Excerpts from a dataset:

|---|

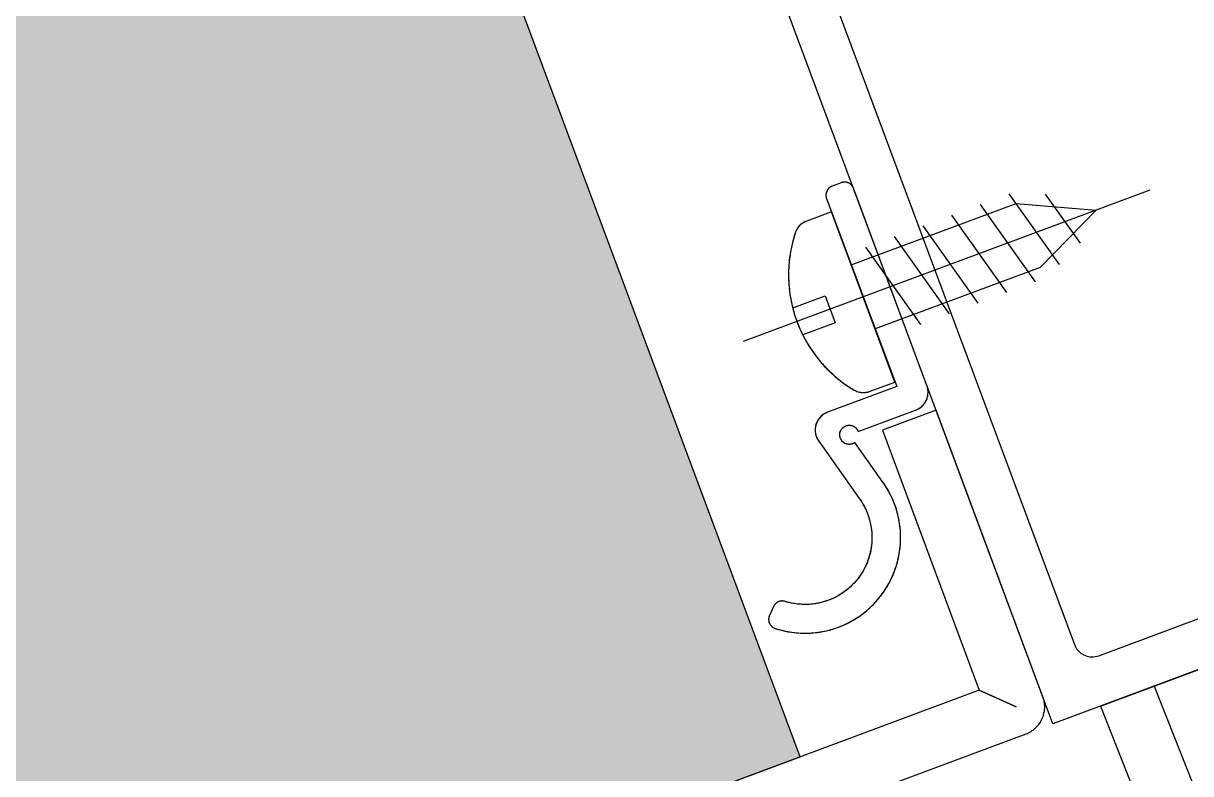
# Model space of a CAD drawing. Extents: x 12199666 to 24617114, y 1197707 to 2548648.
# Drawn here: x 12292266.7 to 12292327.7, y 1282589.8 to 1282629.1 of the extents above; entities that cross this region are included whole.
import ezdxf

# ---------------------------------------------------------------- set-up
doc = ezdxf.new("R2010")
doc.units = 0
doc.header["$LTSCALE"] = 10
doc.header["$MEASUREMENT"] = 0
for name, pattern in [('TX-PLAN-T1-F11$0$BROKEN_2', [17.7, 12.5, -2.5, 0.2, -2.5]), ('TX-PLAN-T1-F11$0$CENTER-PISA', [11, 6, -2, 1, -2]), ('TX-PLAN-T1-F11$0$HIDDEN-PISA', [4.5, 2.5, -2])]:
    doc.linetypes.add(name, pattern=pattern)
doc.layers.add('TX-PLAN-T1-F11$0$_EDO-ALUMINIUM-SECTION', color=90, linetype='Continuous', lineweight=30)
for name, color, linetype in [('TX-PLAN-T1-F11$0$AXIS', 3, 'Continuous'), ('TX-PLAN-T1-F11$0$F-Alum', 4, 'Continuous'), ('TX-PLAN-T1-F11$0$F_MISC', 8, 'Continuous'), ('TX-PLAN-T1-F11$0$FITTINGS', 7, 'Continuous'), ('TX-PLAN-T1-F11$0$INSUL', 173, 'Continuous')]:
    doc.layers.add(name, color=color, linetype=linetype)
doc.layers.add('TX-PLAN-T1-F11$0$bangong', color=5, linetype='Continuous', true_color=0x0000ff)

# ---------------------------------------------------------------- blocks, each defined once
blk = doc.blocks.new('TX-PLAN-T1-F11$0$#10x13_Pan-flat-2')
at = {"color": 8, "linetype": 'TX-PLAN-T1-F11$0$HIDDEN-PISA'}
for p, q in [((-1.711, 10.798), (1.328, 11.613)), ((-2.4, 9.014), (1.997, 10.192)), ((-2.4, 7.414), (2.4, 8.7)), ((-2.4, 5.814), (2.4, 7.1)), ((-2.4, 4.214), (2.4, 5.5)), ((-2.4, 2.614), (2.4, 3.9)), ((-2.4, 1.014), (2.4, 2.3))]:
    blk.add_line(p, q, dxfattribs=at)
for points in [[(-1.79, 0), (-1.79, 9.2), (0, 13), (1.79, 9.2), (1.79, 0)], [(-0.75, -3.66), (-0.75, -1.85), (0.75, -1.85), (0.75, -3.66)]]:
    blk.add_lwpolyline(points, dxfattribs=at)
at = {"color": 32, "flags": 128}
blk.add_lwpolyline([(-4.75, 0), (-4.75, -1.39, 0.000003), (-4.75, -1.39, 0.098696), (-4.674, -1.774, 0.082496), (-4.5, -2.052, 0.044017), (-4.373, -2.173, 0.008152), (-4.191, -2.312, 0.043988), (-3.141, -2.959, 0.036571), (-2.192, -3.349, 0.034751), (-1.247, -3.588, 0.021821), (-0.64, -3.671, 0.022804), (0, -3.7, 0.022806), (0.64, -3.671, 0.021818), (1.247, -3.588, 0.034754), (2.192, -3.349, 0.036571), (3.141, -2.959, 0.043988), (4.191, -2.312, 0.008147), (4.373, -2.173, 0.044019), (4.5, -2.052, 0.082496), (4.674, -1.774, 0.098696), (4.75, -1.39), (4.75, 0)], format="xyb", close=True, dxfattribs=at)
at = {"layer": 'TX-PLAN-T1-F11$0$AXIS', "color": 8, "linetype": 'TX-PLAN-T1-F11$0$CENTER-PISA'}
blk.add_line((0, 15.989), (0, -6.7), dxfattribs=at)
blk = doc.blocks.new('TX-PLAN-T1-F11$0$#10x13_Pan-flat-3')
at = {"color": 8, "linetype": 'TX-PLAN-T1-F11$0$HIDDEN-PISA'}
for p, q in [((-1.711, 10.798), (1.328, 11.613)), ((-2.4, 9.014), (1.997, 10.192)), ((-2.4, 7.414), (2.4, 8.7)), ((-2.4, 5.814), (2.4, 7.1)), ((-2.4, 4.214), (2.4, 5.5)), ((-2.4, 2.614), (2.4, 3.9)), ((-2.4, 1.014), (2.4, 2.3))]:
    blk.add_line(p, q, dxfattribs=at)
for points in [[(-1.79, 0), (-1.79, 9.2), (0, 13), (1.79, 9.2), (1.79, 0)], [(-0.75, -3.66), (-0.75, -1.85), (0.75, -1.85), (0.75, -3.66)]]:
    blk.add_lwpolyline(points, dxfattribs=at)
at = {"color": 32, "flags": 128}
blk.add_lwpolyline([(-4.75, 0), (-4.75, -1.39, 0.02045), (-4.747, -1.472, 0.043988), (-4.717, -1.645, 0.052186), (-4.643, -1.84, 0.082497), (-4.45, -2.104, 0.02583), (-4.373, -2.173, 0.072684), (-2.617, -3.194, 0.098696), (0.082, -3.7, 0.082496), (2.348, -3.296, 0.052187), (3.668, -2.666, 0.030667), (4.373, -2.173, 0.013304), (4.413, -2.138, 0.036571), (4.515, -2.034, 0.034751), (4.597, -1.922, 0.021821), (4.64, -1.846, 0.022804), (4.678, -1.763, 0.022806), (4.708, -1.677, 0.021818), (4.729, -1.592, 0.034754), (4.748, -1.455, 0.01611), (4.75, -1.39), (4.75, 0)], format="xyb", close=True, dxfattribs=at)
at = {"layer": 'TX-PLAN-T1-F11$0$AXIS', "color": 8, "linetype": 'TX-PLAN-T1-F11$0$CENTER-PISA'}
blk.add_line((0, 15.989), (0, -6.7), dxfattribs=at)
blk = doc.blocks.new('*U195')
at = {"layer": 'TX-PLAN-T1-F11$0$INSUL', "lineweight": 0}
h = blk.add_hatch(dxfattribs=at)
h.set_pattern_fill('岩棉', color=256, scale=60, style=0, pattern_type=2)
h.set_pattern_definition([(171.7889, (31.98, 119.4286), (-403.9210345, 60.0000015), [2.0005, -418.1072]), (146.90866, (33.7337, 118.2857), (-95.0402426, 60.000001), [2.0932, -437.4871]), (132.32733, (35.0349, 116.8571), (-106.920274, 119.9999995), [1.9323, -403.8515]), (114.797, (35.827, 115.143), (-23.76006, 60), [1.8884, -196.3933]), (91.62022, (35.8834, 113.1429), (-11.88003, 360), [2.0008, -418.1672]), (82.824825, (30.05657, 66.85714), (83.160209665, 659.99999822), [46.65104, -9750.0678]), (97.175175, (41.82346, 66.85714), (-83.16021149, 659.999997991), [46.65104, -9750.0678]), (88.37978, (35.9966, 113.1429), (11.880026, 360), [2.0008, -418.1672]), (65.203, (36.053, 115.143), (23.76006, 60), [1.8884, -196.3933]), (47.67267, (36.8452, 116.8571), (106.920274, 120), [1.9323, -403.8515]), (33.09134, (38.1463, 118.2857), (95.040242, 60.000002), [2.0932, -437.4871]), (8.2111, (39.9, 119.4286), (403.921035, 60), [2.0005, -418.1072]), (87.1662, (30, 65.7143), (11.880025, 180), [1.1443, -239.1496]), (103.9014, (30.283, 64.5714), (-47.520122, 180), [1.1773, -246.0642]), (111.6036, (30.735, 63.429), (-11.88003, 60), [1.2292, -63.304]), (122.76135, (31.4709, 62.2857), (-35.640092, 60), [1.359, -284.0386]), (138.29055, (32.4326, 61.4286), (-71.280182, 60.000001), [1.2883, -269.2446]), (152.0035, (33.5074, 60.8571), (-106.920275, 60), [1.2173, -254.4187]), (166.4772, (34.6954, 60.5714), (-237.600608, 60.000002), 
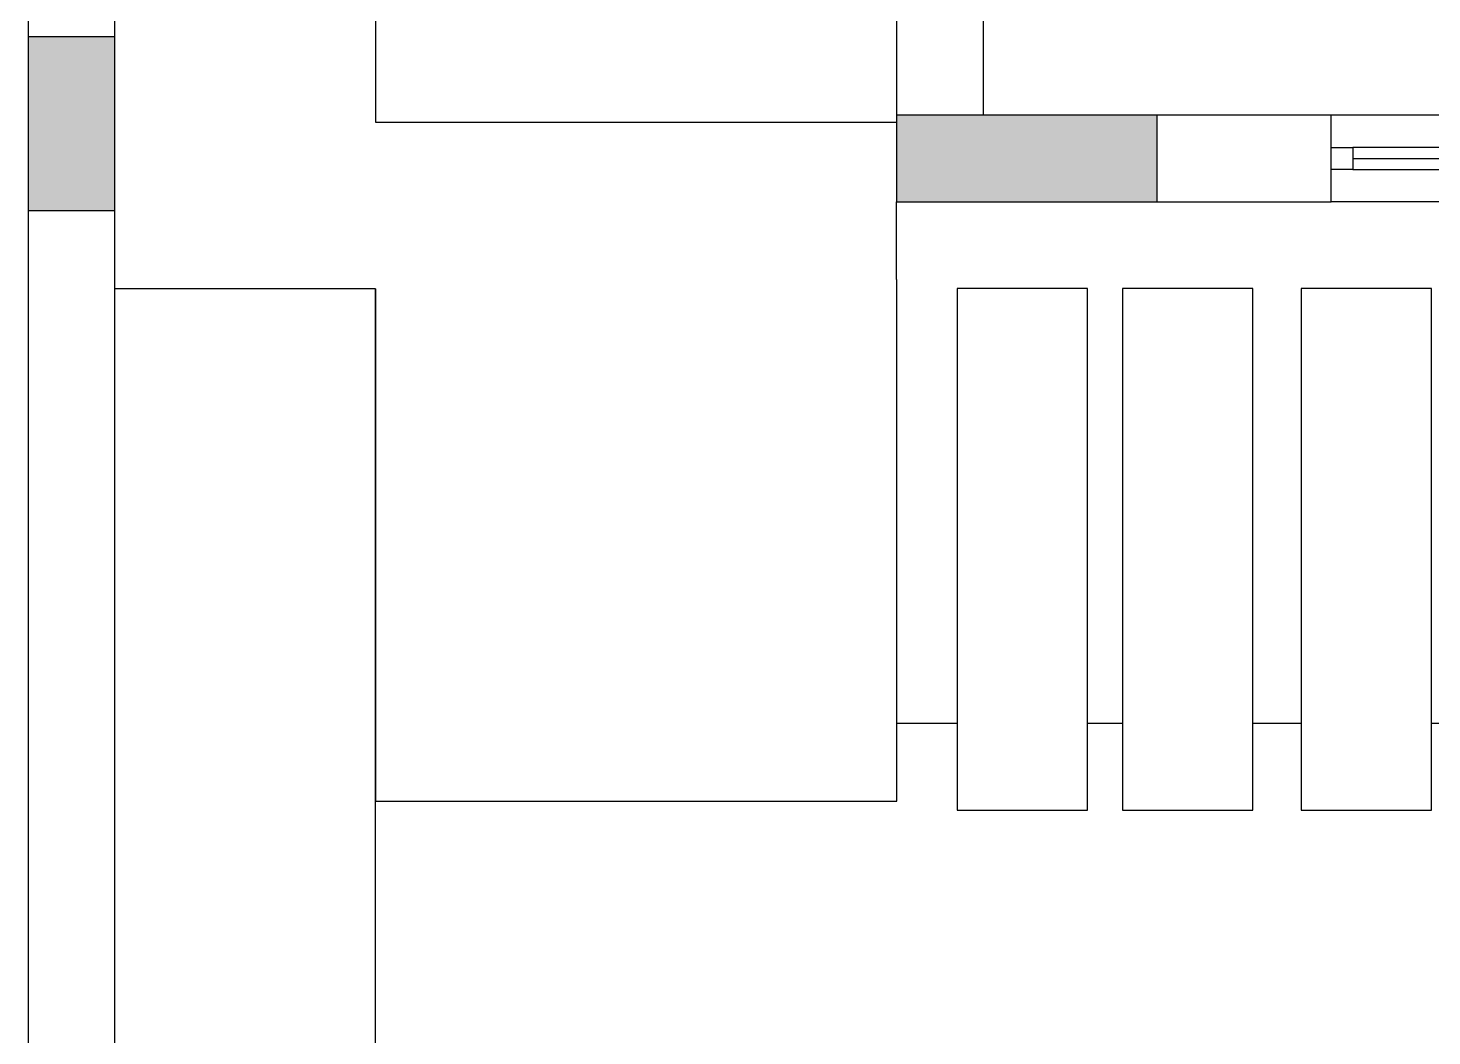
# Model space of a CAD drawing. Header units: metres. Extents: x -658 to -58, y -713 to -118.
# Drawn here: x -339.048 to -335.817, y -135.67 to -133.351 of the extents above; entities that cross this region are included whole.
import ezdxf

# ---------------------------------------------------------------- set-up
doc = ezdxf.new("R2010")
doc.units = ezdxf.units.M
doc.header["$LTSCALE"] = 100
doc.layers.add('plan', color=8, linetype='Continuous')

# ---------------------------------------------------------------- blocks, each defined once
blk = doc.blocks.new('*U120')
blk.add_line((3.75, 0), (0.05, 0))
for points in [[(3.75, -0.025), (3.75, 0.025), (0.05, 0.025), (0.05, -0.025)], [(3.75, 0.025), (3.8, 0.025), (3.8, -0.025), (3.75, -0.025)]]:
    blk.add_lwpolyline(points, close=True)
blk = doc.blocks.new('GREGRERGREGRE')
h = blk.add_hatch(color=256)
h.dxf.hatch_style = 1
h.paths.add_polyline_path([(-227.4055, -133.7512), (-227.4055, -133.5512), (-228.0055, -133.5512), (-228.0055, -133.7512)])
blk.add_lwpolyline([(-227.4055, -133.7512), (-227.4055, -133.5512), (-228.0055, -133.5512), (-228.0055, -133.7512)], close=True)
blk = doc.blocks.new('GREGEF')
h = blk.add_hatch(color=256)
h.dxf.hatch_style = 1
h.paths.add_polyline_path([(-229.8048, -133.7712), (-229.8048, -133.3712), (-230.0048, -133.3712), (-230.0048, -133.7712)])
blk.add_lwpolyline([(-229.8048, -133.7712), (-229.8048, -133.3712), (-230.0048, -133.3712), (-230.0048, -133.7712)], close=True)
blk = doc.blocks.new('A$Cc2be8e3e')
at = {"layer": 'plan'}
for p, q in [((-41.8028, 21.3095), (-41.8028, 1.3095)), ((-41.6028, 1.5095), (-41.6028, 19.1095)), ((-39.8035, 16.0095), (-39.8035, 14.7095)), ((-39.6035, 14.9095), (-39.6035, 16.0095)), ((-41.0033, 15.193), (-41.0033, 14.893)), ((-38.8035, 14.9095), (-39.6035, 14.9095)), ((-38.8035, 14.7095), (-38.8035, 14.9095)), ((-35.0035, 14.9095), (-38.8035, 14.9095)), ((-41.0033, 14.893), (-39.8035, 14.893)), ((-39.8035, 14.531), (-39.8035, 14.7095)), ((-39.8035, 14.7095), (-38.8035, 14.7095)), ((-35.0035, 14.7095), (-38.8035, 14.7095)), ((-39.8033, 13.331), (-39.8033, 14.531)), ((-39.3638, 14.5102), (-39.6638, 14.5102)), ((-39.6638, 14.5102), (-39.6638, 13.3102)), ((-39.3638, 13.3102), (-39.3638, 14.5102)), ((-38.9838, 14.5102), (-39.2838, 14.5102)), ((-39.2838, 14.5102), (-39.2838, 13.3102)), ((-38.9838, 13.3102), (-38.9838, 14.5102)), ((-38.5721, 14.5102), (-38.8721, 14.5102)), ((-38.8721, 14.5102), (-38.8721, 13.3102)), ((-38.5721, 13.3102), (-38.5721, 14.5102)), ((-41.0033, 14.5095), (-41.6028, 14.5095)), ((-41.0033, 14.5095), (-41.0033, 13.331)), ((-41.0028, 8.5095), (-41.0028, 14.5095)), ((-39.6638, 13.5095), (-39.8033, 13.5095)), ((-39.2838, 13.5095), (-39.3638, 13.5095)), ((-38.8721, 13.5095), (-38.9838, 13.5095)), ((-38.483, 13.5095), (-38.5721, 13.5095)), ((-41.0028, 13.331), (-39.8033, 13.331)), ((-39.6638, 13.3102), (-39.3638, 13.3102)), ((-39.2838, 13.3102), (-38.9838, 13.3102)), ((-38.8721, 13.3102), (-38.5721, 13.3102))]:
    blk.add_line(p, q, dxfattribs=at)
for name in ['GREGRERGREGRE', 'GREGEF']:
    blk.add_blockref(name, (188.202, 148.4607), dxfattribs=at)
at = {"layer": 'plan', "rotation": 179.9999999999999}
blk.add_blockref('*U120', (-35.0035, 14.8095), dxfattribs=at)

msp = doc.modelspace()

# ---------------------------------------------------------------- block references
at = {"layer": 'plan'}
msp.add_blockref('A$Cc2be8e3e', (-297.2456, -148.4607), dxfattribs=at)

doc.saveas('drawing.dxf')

|---|

--- TASK STATEMENT ---
Check each line above for the string "GREGEF" and copy those that have it.

--- WRITTEN SOLUTION ---
blk = doc.blocks.new('GREGEF')
for name in ['GREGRERGREGRE', 'GREGEF']:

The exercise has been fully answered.